Modeling Uncertainty In Predicting Emotional Attributes From Spontaneous Speech
Kusha Sridhar, Carlos Busso
-
SPS
IEEE Members: $11.00
Non-members: $15.00Length: 12:30
A challenging task in affective computing is to build reliable speech emotion recognition (SER) systems that can accurately predict emotional attributes from spontaneous speech. To increase the trust in these SER systems, it is important to predict not only their accuracy, but also their confidence.
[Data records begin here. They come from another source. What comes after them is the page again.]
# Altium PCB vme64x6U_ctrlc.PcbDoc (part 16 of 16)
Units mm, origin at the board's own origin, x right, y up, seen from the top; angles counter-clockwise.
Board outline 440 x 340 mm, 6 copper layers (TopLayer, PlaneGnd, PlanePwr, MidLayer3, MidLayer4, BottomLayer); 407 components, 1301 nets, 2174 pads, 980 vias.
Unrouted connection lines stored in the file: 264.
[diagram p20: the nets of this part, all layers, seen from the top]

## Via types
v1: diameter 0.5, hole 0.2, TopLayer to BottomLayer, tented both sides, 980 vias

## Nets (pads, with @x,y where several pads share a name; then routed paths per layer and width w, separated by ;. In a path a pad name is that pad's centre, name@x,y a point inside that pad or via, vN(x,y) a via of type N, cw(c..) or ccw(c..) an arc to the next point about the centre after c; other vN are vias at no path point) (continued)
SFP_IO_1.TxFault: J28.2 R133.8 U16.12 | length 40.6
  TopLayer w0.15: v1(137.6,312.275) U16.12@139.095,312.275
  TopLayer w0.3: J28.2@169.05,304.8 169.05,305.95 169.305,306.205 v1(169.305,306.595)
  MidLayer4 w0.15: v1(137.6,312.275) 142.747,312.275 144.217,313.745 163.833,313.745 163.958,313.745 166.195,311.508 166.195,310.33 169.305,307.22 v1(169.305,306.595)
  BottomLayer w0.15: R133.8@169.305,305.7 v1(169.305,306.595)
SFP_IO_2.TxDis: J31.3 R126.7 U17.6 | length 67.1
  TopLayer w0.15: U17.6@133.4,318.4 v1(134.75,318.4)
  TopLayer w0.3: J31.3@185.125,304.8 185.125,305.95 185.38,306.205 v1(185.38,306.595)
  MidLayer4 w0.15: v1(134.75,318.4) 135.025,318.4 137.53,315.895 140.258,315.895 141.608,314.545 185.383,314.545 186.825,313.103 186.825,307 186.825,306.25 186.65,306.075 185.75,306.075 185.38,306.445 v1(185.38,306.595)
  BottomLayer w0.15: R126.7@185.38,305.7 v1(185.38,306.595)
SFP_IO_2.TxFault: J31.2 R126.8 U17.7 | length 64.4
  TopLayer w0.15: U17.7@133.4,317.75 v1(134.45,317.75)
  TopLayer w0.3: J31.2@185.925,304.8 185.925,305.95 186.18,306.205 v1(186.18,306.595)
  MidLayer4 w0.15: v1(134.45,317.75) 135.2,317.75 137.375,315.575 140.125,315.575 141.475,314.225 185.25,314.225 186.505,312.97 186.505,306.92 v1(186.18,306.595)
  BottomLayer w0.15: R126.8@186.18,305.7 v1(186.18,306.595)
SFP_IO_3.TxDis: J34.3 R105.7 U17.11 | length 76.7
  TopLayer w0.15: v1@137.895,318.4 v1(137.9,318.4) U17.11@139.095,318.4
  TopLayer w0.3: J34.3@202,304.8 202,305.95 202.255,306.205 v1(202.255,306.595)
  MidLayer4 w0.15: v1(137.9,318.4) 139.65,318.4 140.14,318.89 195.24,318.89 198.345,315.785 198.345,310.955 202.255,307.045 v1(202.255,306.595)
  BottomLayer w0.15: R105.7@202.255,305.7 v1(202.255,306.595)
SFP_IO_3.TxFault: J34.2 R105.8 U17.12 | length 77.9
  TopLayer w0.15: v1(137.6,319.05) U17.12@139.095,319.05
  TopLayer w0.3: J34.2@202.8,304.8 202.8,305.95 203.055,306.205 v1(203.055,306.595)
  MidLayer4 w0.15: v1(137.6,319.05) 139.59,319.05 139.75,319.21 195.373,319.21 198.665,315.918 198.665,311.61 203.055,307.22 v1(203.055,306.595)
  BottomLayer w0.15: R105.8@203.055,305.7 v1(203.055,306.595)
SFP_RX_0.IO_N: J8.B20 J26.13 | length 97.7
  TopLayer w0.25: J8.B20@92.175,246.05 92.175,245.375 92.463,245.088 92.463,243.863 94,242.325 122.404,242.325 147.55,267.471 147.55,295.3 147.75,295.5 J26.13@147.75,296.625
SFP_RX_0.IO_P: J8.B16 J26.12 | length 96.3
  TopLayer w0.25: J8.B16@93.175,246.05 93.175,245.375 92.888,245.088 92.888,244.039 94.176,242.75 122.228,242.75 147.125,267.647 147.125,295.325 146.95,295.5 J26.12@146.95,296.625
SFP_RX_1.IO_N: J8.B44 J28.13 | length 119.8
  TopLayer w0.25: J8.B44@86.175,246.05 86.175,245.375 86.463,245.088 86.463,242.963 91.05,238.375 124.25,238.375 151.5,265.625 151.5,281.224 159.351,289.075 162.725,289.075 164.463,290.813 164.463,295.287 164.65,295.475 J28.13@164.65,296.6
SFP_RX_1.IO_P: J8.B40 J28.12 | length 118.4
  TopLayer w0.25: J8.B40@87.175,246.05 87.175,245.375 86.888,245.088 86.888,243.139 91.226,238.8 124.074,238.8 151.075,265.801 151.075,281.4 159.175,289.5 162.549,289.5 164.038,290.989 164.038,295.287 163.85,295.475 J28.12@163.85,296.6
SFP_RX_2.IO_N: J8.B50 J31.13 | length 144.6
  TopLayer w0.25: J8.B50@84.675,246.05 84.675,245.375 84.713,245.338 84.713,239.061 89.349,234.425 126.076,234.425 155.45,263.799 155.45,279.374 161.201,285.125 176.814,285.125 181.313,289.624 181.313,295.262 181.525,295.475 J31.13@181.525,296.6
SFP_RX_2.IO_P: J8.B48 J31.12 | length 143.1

An intriguing approach to predict uncertainty is Monte Carlo (MC) dropout, which obtains predictions from multiple feed-forward passes through a deep neural network (DNN) by using dropout regularization in both training and inference. This study evaluates this approach with regression models to predict emotional attribute scores for valence, arousal and dominance. The analysis illustrates that predicting uncertainty in this problem is possible, where the performance is higher for samples in the test set with lower uncertainty. The study evaluates uncertainty estimation as a function of the emotional attributes, showing that samples with extreme values have lower uncertainty. Finally, we demonstrate the benefits of uncertainty estimation with reject option, where a classifier can decline to give a prediction when its confidence is low. By rejecting top 25% of the test set with the highest uncertainty, we achieve relative performance gains of 7.34% for arousal, 13.73% for valence and 8.79% for dominance.